学术文献库

The limiting factor preventing kesterite (CZTSSe) thin film solar cell performance further improvement is the large open-circuit voltage deficit (Voc,def) issue, which is 0.345V for the current world record device with an efficiency of 12.6%. In this work, SnCl4 and SnCl2_2H2O are respectively used as tin precursor to investigate the Voc,def issue of dimethyl sulfoxide (DMSO) solution processed CZTSSe solar cells. Different complexations of tin compounds with thiourea and DMSO lead to different reaction pathways from solution to absorber material and thus dramatic difference in photovoltaic performance. The coordination of Sn2+ with Tu leads to the formation of SnS and ZnS and Cu2S in the precursor film, which converted to selenides first and then fused to CZTSSe, resulting in poor film quality and device performance. The highest efficiency obtained from this film is 8.84% with a Voc,def of 0.391V. The coordination of Sn4+ with DMSO facilitates direct formation ofkesterite CZTS phase in the precursor film which directed converted to CZTSSe during selenization, resulting in compositional uniform absorber and high device performance.
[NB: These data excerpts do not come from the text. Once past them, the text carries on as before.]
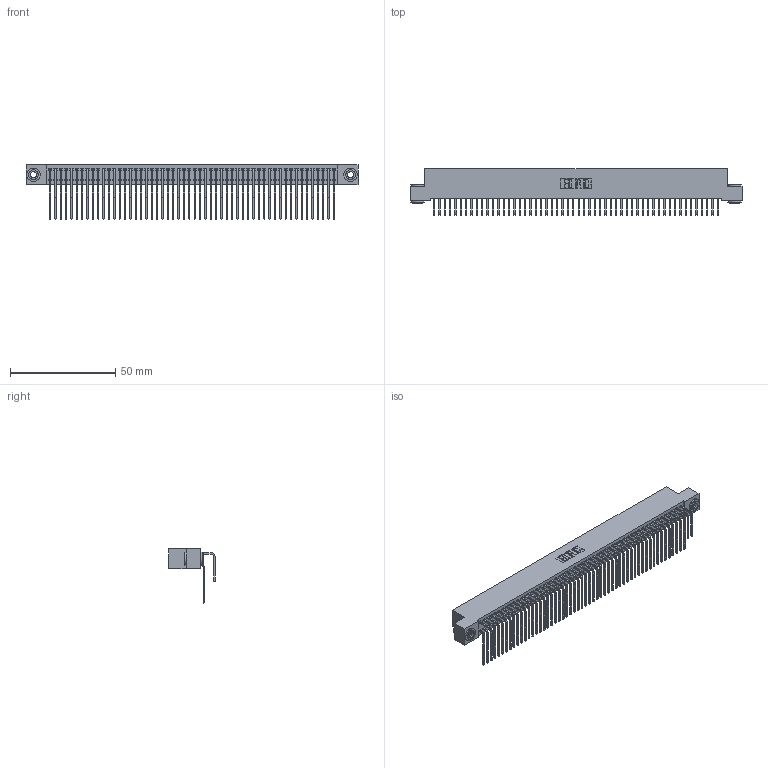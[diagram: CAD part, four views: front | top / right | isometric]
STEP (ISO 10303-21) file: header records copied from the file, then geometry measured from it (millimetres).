
FILE_DESCRIPTION (( 'STEP AP203' ), '1' );
FILE_NAME ('342-108-558-203.STEP', '2019-10-04T19:59:43', ( '' ), ( '' ), 'SwSTEP 2.0', 'SolidWorks 2016', '' );
FILE_SCHEMA (( 'CONFIG_CONTROL_DESIGN' ));
Length unit declared in the file: inch
Products named in the file (5): 345-292-001_558 Tail - 2; 342-250-002_345-250-002-102; 342-108-558-203; 345-292-001_558 559 Tail - 1; 342 Part_.156 TH
Assembly tree (111 placements, depth 2):
  342-108-558-203
    342 Part_.156 TH
    345-292-001_558 559 Tail - 1  x54
    345-292-001_558 Tail - 2  x54
    342-250-002_345-250-002-102  x2
Bounding box: 157.48 x 21.91 x 25.78 mm (x, y, z)
Volume: 14852.2 mm3; surface area: 27503.8 mm2
Topology: 111 solids, 111 shells, 5980 faces, 17763 edges, 11694 vertices
Faces by surface type: plane 4180, cylinder 1792, cone 8
Entity records: 35490 total; most frequent: CARTESIAN_POINT 5892, ORIENTED_EDGE 5770, DIRECTION 5027, EDGE_CURVE 2885, VECTOR 2693, LINE 2693, VERTEX_POINT 1918, AXIS2_PLACEMENT_3D 1167

A device with active area efficiency 12.2% and a Voc,def of 0.344 V was achieved from Sn4+ solution processed absorber. Furthermore, CZTSSe/CdS heterojunction heat treatment (JHT) significantly improved Sn4+ device performance but had slightly negative effect on Sn2+ device. A champion CZTSSe solar cell with a total area efficiency of 12.4% (active are efficiency 13.6%) and low Voc,def of 0.297 V was achieved from Sn4+ solution. Our results demonstrate the preformed uniform kesterite phase enabled by Sn4+ precursor is the key in achieving highly efficient kesterite absorber material. The lowest Voc-def and high efficiency achieved here shines new light on the future of kesterite solar cell.